Семью я отправил 23-го числа в Саксонию, Bad-Elster, где дети должны брать грязные ванны. Сего числа они должны быть в Дрездене, откуда и проедут в Эльстер. Сам я выеду отсюда 18 июня, на первый раз к своим, в Эльстер. Выехал бы и раньше, но боюсь такой больной ехать; все думаю, что на ноги хоть сколько-нибудь поставят. В пятницу сбираюсь к Боткину. Сверх того, 18-го хотел ехать за границу д-р Руссов и согласился сопровождать меня. Я думаю, что летом непременно умру, ибо жизнь моя — мученье. Вот и писать руки устают. Напишите, ради Христа, где и когда Вы будете: ведь на Вас одна надежда 1. Застану ли я Вас еще в Блазевице 20—21 июня ст. стиля. А ежели встречу другого попутчика, то и раньше выеду.

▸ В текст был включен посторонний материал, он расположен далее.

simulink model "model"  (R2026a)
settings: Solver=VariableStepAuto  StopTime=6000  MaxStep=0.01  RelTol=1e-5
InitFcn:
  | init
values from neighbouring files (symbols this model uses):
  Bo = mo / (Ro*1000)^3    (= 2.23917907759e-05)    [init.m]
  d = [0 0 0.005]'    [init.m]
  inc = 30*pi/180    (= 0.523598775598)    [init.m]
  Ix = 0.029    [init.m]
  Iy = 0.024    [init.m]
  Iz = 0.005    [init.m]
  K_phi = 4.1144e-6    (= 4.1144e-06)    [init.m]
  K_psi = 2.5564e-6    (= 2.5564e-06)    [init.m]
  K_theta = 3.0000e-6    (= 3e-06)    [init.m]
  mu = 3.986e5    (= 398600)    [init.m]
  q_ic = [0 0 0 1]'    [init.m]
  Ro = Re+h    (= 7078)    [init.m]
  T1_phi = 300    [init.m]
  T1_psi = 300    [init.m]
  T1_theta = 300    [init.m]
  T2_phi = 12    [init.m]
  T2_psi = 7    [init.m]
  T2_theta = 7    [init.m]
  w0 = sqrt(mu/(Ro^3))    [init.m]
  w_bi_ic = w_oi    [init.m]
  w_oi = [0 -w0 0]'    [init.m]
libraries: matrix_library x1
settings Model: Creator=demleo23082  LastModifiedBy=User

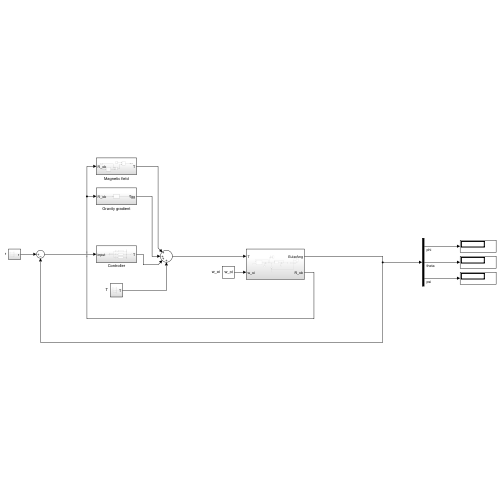
[thumbnail: Simulink's stored preview of the top-level diagram]
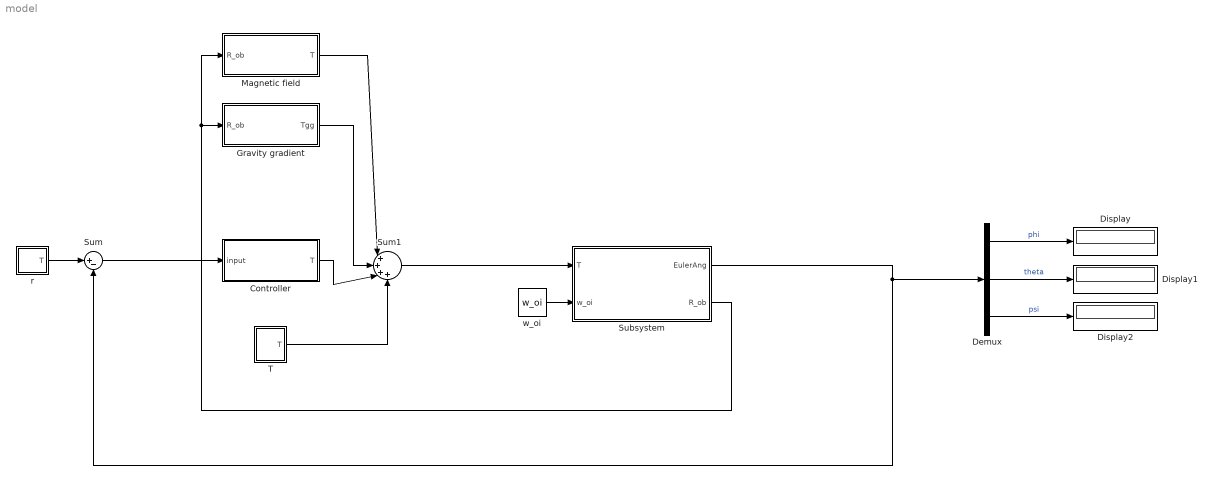
== system model ==
  Controller : Subsystem
  Demux : Demux  Outputs=3
  Display : Display
  Display1 : Display
  Display2 : Display
  Gravity gradient : Subsystem
  Magnetic field : Subsystem
  Subsystem : Subsystem
  Sum : Sum  Inputs=|+-
  Sum1 : Sum  Inputs=|++++
  T : Subsystem
  r : Subsystem
  w_oi : Constant  Value=w_oi  VectorParams1D=off
  wires:
  w_oi/1 -> Subsystem/2(w_oi)
  r/1(T) -> Sum/1
  Sum/1 -> Controller/1(input)
  Subsystem/1(EulerAng) -> Demux/1, Sum/2
  Sum1/1 -> Subsystem/1(T)
  Controller/1(T) -> Sum1/3
  Demux/1 -> Display/1  "phi"
  Demux/2 -> Display1/1  "theta"
  Demux/3 -> Display2/1  "psi"
  T/1(T) -> Sum1/4
  Subsystem/2(R_ob) -> Gravity gradient/1(R_ob), Magnetic field/1(R_ob)
  Gravity gradient/1(Tgg) -> Sum1/2
  Magnetic field/1(T) -> Sum1/1

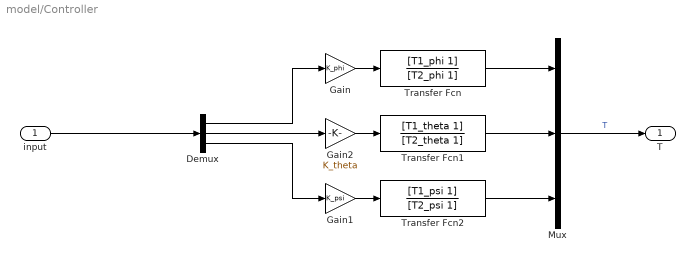
== system model/Controller ==
  input : Inport
  Demux : Demux  Outputs=3
  Gain : Gain  Gain=K_phi
  Gain1 : Gain  Gain=K_psi
  Gain2 : Gain  Gain=K_theta
  Mux : Mux  Inputs=3
  Transfer Fcn : TransferFcn  Numerator=[T1_phi 1]  Denominator=[T2_phi 1]
  Transfer Fcn1 : TransferFcn  Numerator=[T1_theta 1]  Denominator=[T2_theta 1]
  Transfer Fcn2 : TransferFcn  Numerator=[T1_psi 1]  Denominator=[T2_psi 1]
  T : Outport
  wires:
  Demux/3 -> Gain1/1
  Transfer Fcn/1 -> Mux/1
  Transfer Fcn1/1 -> Mux/2
  Demux/2 -> Gain2/1
  Mux/1 -> T/1  "T"
  input/1 -> Demux/1
  Transfer Fcn2/1 -> Mux/3
  Demux/1 -> Gain/1
  Gain/1 -> Transfer Fcn/1
  Gain2/1 -> Transfer Fcn1/1
  Gain1/1 -> Transfer Fcn2/1

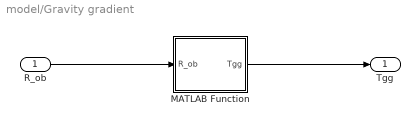
== system model/Gravity gradient ==
  R_ob : Inport
  MATLAB Function : MATLAB Function  TreatAsAtomicUnit=on
  Tgg : Outport
  wires:
  R_ob/1 -> MATLAB Function/1(R_ob)
  MATLAB Function/1(Tgg) -> Tgg/1

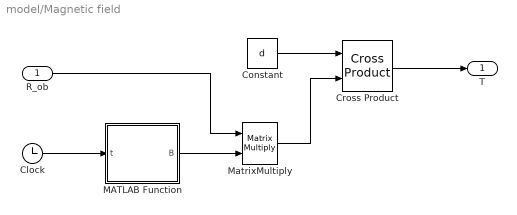
== system model/Magnetic field ==
  R_ob : Inport
  Clock : Clock
  Constant : Constant  Value=d
  Cross Product : matrix_library/Cross Product
  MATLAB Function : MATLAB Function  TreatAsAtomicUnit=on
  MatrixMultiply : Product  Multiplication=Matrix(*)
  T : Outport
  wires:
  R_ob/1 -> MatrixMultiply/1
  Clock/1 -> MATLAB Function/1(t)
  MATLAB Function/1(B) -> MatrixMultiply/2
  Constant/1 -> Cross Product/1
  MatrixMultiply/1 -> Cross Product/2
  Cross Product/1 -> T/1

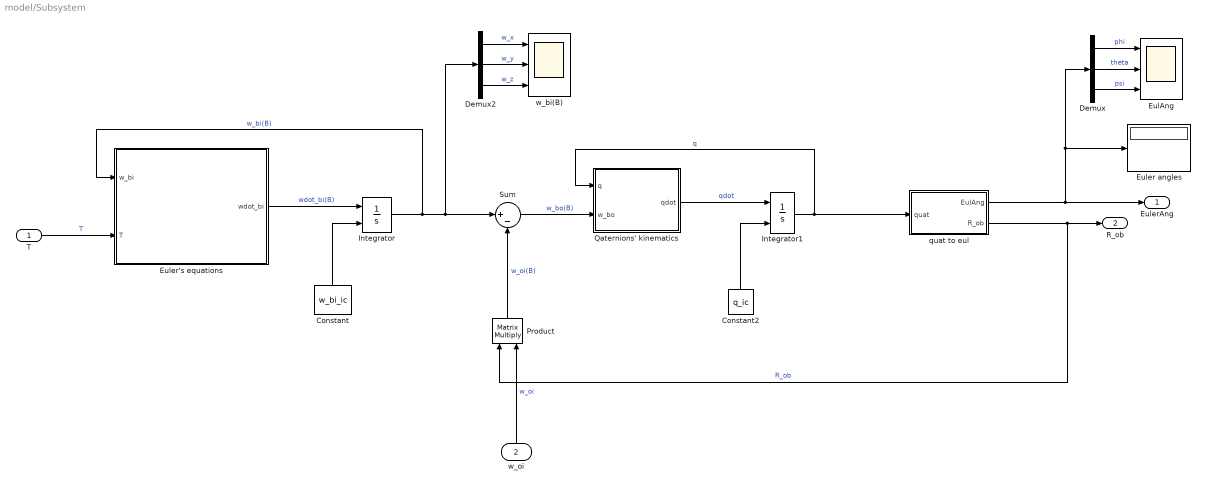
== system model/Subsystem ==
  T : Inport
  w_oi : Inport  Port=2
  Constant : Constant  Value=w_bi_ic  VectorParams1D=off
  Constant2 : Constant  Value=q_ic  VectorParams1D=off
  Demux : Demux  Outputs=3
  Demux2 : Demux  Outputs=3
  EulAng : Scope  NumInputPorts=3
      settings: ActiveDisplayString=3  ActiveDisplayYMinimum=-0.58513829595827138  ActiveDisplayYMaximum=0.37409833435583789
  Euler angles : Display
  Euler's equations : MATLAB Function  TreatAsAtomicUnit=on
  Integrator : Integrator  InitialConditionSource=external
  Integrator1 : Integrator  InitialConditionSource=external
  Product : Product  Multiplication=Matrix(*)
  Qaternions' kinematics : MATLAB Function  TreatAsAtomicUnit=on
  Sum : Sum  Inputs=|+-
  quat to eul : Subsystem
  w_bi(B) : Scope  NumInputPorts=3
      settings: ActiveDisplayYMinimum=-0.0085250800491360919  ActiveDisplayYMaximum=0.002573853184285815
  EulerAng : Outport
  R_ob : Outport  Port=2
  wires:
  Integrator/1 -> Sum/1, Demux2/1, Euler's equations/1(w_bi)  "w_bi(B)"
  Constant2/1 -> Integrator1/2
  Integrator1/1 -> quat to eul/1(quat), Qaternions' kinematics/1(q)  "q"
  Product/1 -> Sum/2  "w_oi(B)"
  quat to eul/2(R_ob) -> Product/1, R_ob/1  "R_ob"
  Sum/1 -> Qaternions' kinematics/2(w_bo)  "w_bo(B)"
  Euler's equations/1(wdot_bi) -> Integrator/1  "wdot_bi(B)"
  Qaternions' kinematics/1(qdot) -> Integrator1/1  "qdot"
  quat to eul/1(EulAng) -> Euler angles/1, Demux/1, EulerAng/1
  Demux/1 -> EulAng/1  "phi"
  Demux/3 -> EulAng/3  "psi"
  Demux/2 -> EulAng/2  "theta"
  w_oi/1 -> Product/2  "w_oi"
  Constant/1 -> Integrator/2
  T/1 -> Euler's equations/2(T)  "T"
  Demux2/1 -> w_bi(B)/1  "w_x"
  Demux2/2 -> w_bi(B)/2  "w_y"
  Demux2/3 -> w_bi(B)/3  "w_z"

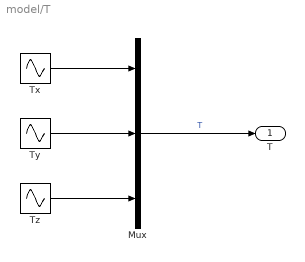
== system model/T ==
  Mux : Mux  Inputs=3
  Tx : Sin  Amplitude=8e-08  Frequency=1e-3  Phase=pi/2  SampleTime=0
  Ty : Sin  Amplitude=4e-08  Frequency=1e-3  Phase=pi/2  SampleTime=0
  Tz : Sin  Amplitude=2e-08  Frequency=1e-3  Phase=pi/2  SampleTime=0
  T : Outport
  wires:
  Tx/1 -> Mux/1
  Tz/1 -> Mux/3
  Ty/1 -> Mux/2
  Mux/1 -> T/1  "T"

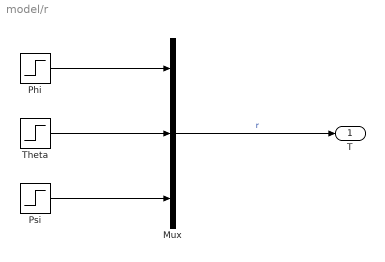
== system model/r ==
  Mux : Mux  Inputs=3
  Phi : Step  Time=200  FinalValue=20*pi/180  SampleTime=0
  Psi : Step  Time=0  FinalValue=0  SampleTime=0
  Theta : Step  Time=0  FinalValue=0  SampleTime=0
  T : Outport
  wires:
  Mux/1 -> T/1  "r"
  Theta/1 -> Mux/2
  Psi/1 -> Mux/3
  Phi/1 -> Mux/1

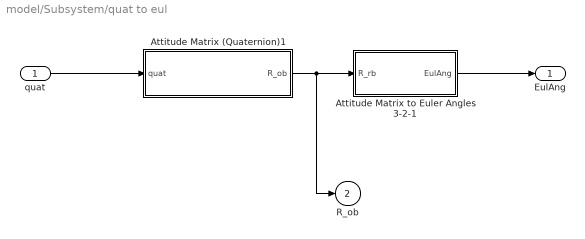
== system model/Subsystem/quat to eul ==
  quat : Inport
  Attitude Matrix (Quaternion)1 : Subsystem
  Attitude Matrix to Euler Angles 3-2-1 : Subsystem
  EulAng : Outport  VectorParamsAs1DForOutWhenUnconnected=off
  R_ob : Outport  Port=2
  wires:
  Attitude Matrix to Euler Angles 3-2-1/1(EulAng) -> EulAng/1
  Attitude Matrix (Quaternion)1/1(R_ob) -> Attitude Matrix to Euler Angles 3-2-1/1(R_rb), R_ob/1
  quat/1 -> Attitude Matrix (Quaternion)1/1(quat)

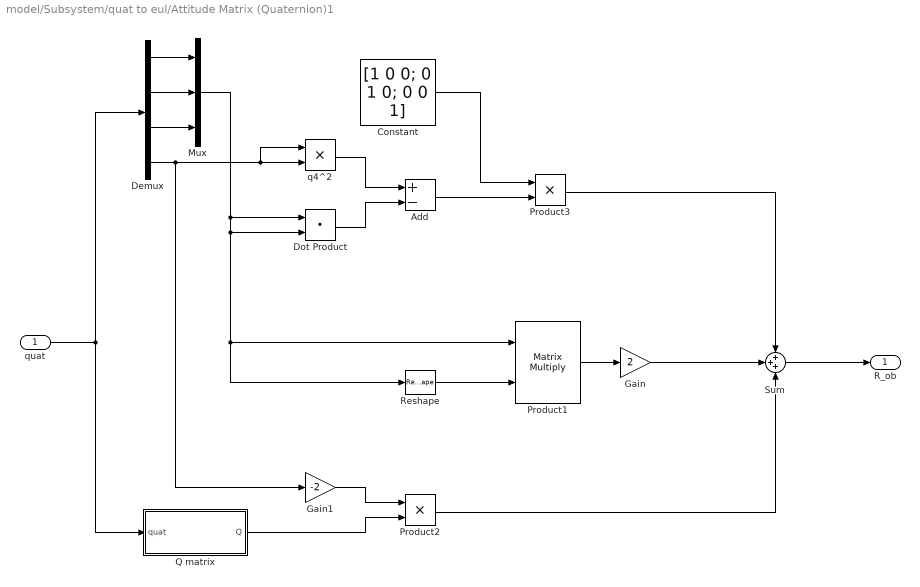
== system model/Subsystem/quat to eul/Attitude Matrix (Quaternion)1 ==
  quat : Inport
  Add : Sum  Inputs=+-
  Constant : Constant  Value=[1 0 0; 0 1 0; 0 0 1]
  Demux : Demux
  Dot Product : DotProduct  OutDataTypeStr=Inherit: Inherit via internal rule
  Gain : Gain  Gain=2
  Gain1 : Gain  Gain=-2
  Mux : Mux  Inputs=3
  Product1 : Product  Multiplication=Matrix(*)  RndMeth=Zero
  Product2 : Product  RndMeth=Zero
  Product3 : Product  RndMeth=Zero
  Q matrix : Subsystem
  Reshape : Reshape  OutputDimensionality=Row vector (2-D)
  Sum : Sum  Inputs=+++
  q4^2 : Product  RndMeth=Zero
  R_ob : Outport  VectorParamsAs1DForOutWhenUnconnected=off
  wires:
  quat/1 -> Demux/1, Q matrix/1(quat)
  Demux/4 -> q4^2/2, q4^2/1, Gain1/1
  Reshape/1 -> Product1/2
  Product1/1 -> Gain/1
  Gain/1 -> Sum/2
  q4^2/1 -> Add/1
  Dot Product/1 -> Add/2
  Product2/1 -> Sum/3
  Add/1 -> Product3/2
  Sum/1 -> R_ob/1
  Constant/1 -> Product3/1
  Product3/1 -> Sum/1
  Demux/1 -> Mux/1
  Demux/2 -> Mux/2
  Demux/3 -> Mux/3
  Mux/1 -> Dot Product/1, Reshape/1, Product1/1, Dot Product/2
  Gain1/1 -> Product2/1
  Q matrix/1(Q) -> Product2/2

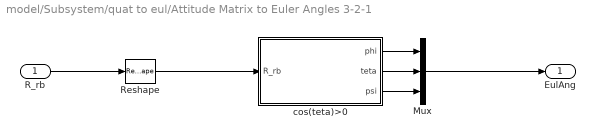
== system model/Subsystem/quat to eul/Attitude Matrix to Euler Angles 3-2-1 ==
  R_rb : Inport
  Mux : Mux  Inputs=3
  Reshape : Reshape  OutputDimensionality=Column vector (2-D)
  cos(teta)>0 : Subsystem
  EulAng : Outport  VectorParamsAs1DForOutWhenUnconnected=off
  wires:
  cos(teta)>0/2(teta) -> Mux/2
  cos(teta)>0/1(phi) -> Mux/1
  cos(teta)>0/3(psi) -> Mux/3
  Mux/1 -> EulAng/1
  Reshape/1 -> cos(teta)>0/1(R_rb)
  R_rb/1 -> Reshape/1

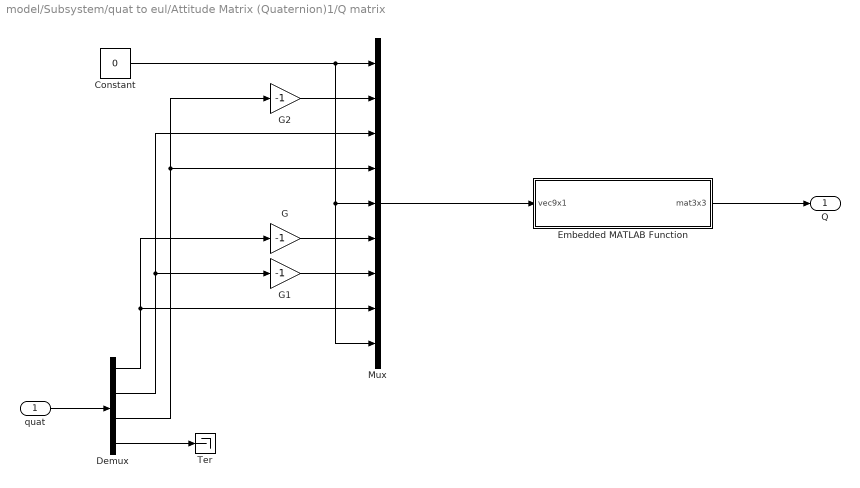
== system model/Subsystem/quat to eul/Attitude Matrix (Quaternion)1/Q matrix ==
  quat : Inport
  Constant : Constant  Value=0
  Demux : Demux
  Embedded MATLAB Function : MATLAB Function  TreatAsAtomicUnit=on
  G : Gain  Gain=-1
  G1 : Gain  Gain=-1
  G2 : Gain  Gain=-1
  Mux : Mux  Inputs=9
  Ter : Terminator
  Q : Outport  VectorParamsAs1DForOutWhenUnconnected=off
  wires:
  Demux/4 -> Ter/1
  quat/1 -> Demux/1
  Constant/1 -> Mux/9, Mux/5, Mux/1
  Demux/1 -> G/1, Mux/8
  G1/1 -> Mux/7
  Demux/2 -> G1/1, Mux/3
  G/1 -> Mux/6
  G2/1 -> Mux/2
  Demux/3 -> G2/1, Mux/4
  Embedded MATLAB Function/1(mat3x3) -> Q/1
  Mux/1 -> Embedded MATLAB Function/1(vec9x1)

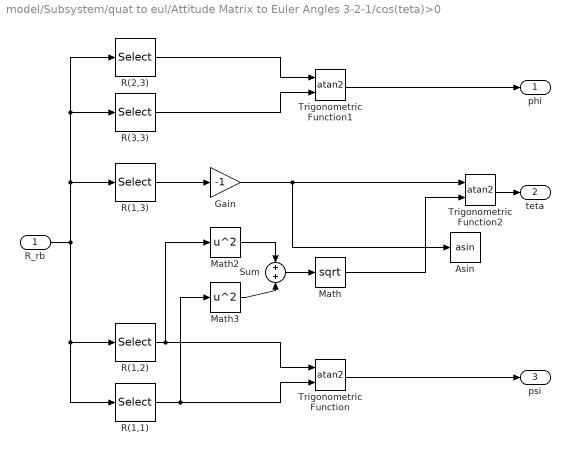
== system model/Subsystem/quat to eul/Attitude Matrix to Euler Angles 3-2-1/cos(teta)>0 ==
  R_rb : Inport
  Asin : Trigonometry  Operator=asin
  Gain : Gain  Gain=-1
  Math : Math  Operator=sqrt  SignedPower=on
  Math2 : Math  Operator=square  SignedPower=on
  Math3 : Math  Operator=square  SignedPower=on
  R(1,1) : Selector  InputPortWidth=9  IndexOptions=Index vector (dialog)  Indices=[1]  OutputSizes=1
  R(1,2) : Selector  InputPortWidth=9  IndexOptions=Index vector (dialog)  Indices=[4]  OutputSizes=1
  R(1,3) : Selector  InputPortWidth=9  IndexOptions=Index vector (dialog)  Indices=[7]  OutputSizes=1
  R(2,3) : Selector  InputPortWidth=9  IndexOptions=Index vector (dialog)  Indices=[8]  OutputSizes=1
  R(3,3) : Selector  InputPortWidth=9  IndexOptions=Index vector (dialog)  Indices=[9]  OutputSizes=1
  Sum : Sum
  Trigonometric Function : Trigonometry  Operator=atan2
  Trigonometric Function1 : Trigonometry  Operator=atan2
  Trigonometric Function2 : Trigonometry  Operator=atan2
  phi : Outport  VectorParamsAs1DForOutWhenUnconnected=off
  teta : Outport  Port=2  VectorParamsAs1DForOutWhenUnconnected=off
  psi : Outport  Port=3  VectorParamsAs1DForOutWhenUnconnected=off
  wires:
  R_rb/1 -> R(1,1)/1, R(1,2)/1, R(1,3)/1, R(3,3)/1, R(2,3)/1
  R(1,2)/1 -> Trigonometric Function/1, Math2/1
  R(1,1)/1 -> Trigonometric Function/2, Math3/1
  R(2,3)/1 -> Trigonometric Function1/1
  R(3,3)/1 -> Trigonometric Function1/2
  R(1,3)/1 -> Gain/1
  Gain/1 -> Asin/1, Trigonometric Function2/1
  Math2/1 -> Sum/1
  Math3/1 -> Sum/2
  Sum/1 -> Math/1
  Math/1 -> Trigonometric Function2/2
  Trigonometric Function1/1 -> phi/1
  Trigonometric Function2/1 -> teta/1
  Trigonometric Function/1 -> psi/1

== matlab function model/Subsystem/Qaternions' kinematics ==
  data: q input; w_bo input; qdot output
function qdot = fcn(q, w_bo)

%--------------------------------------------------------------------------

% Computes quaternion derivative from body angular velocity

%--------------------------------------------------------------------------

% Extract angular velocity components

Wx = w_bo(1);
Wy = w_bo(2);
Wz = w_bo(3);

%--------------------------------------------------------------------------

% Quaternion kinematic matrix

Q = [0 Wz -Wy Wx; -Wz 0 Wx Wy; Wy -Wx 0 Wz; -Wx -Wy -Wz 0];

%--------------------------------------------------------------------------

% Quaternion derivative

qdot = 0.5 * Q * q;

%--------------------------------------------------------------------------

== matlab function model/Subsystem/Euler's equations ==
  data: w_bi input; T input; wdot_bi output; Ix parameter; Iy parameter; Iz parameter
function wdot_bi = fcn(w_bi, T, Ix, Iy, Iz)

%--------------------------------------------------------------------------

% Computes angular acceleration of the body (b) wrt inertial frame (i)
% using Euler’s rotational dynamics equations

%--------------------------------------------------------------------------

% Individual components of angular acceleration

wdot_bi_x = - w_bi(2) * w_bi(3) * (Iz - Iy) / Ix + T(1) / Ix;

wdot_bi_y = - w_bi(1) * w_bi(3) * (Ix - Iz) / Iy + T(2) / Iy;

wdot_bi_z = - w_bi(1) * w_bi(2) * (Iy - Ix) / Iz + T(3) / Iz;

%--------------------------------------------------------------------------

% Output angular acceleration vector

wdot_bi = [wdot_bi_x wdot_bi_y wdot_bi_z]';

%--------------------------------------------------------------------------

== matlab function model/Subsystem/quat to eul/Attitude Matrix (Quaternion)1/Q matrix/Embedded MATLAB Function ==
  data: vec9x1 input; mat3x3 output
function mat3x3 = vec2mat(vec9x1)
%#eml

s = size(vec9x1);

if s(1)>s(2)
    vec = vec9x1';
else
    vec = vec9x1;
end

mat3x3 = [vec(1:3); vec(4:6); vec(7:9)];

== matlab function model/Gravity gradient/MATLAB Function ==
  data: R_ob input; Tgg output; mu parameter; Ro parameter; Ix parameter; Iy parameter; Iz parameter
function Tgg = fcn(R_ob, mu, Ro, Ix, Iy, Iz)

Tgg_x = ((3*mu)/Ro^3)*abs(Iz-Iy)*R_ob(2,3)*R_ob(3,3);
Tgg_y = -((3*mu)/Ro^3)*abs(Iz-Ix)*R_ob(1,3)*R_ob(3,3);
Tgg_z = -((3*mu)/Ro^3)*abs(Ix-Iy)*R_ob(1,3)*R_ob(2,3);

Tgg = [Tgg_x Tgg_y Tgg_z]';

== matlab function model/Magnetic field/MATLAB Function ==
  data: B output; t input; Bo parameter; inc parameter; w0 parameter
function B = fcn(t, Bo, inc, w0)

Bo_x = Bo * cos(inc * sin(w0 * t)) * sin(inc * cos(w0 * t));
Bo_y = -Bo * cos(inc * sin(w0 * t)) * cos(inc * cos(w0 * t));
Bo_z = 2* Bo * sin(inc * cos(w0 * t));

B = [Bo_x Bo_y Bo_z]';

Боюсь один в дороге умереть; не думайте, что это преувеличение с моей стороны.
С Лихачевыми у нас размолвка, которая кончится, конечно, разрывом. Ел<ена> Ос<иповна> мне скандал сделала по самому пустому случаю. Расскажу при свидании, а теперь, ей-ей, едва перо в руках держу. Влад<имир> Ив<анович> через две недели баллотируется в городские головы и будет выбран непременно. Очевидно, мне с таким высокопоставленным лицом хлеб-соль водить не приходится, — вот они и начинают помаленьку отлынивать 2.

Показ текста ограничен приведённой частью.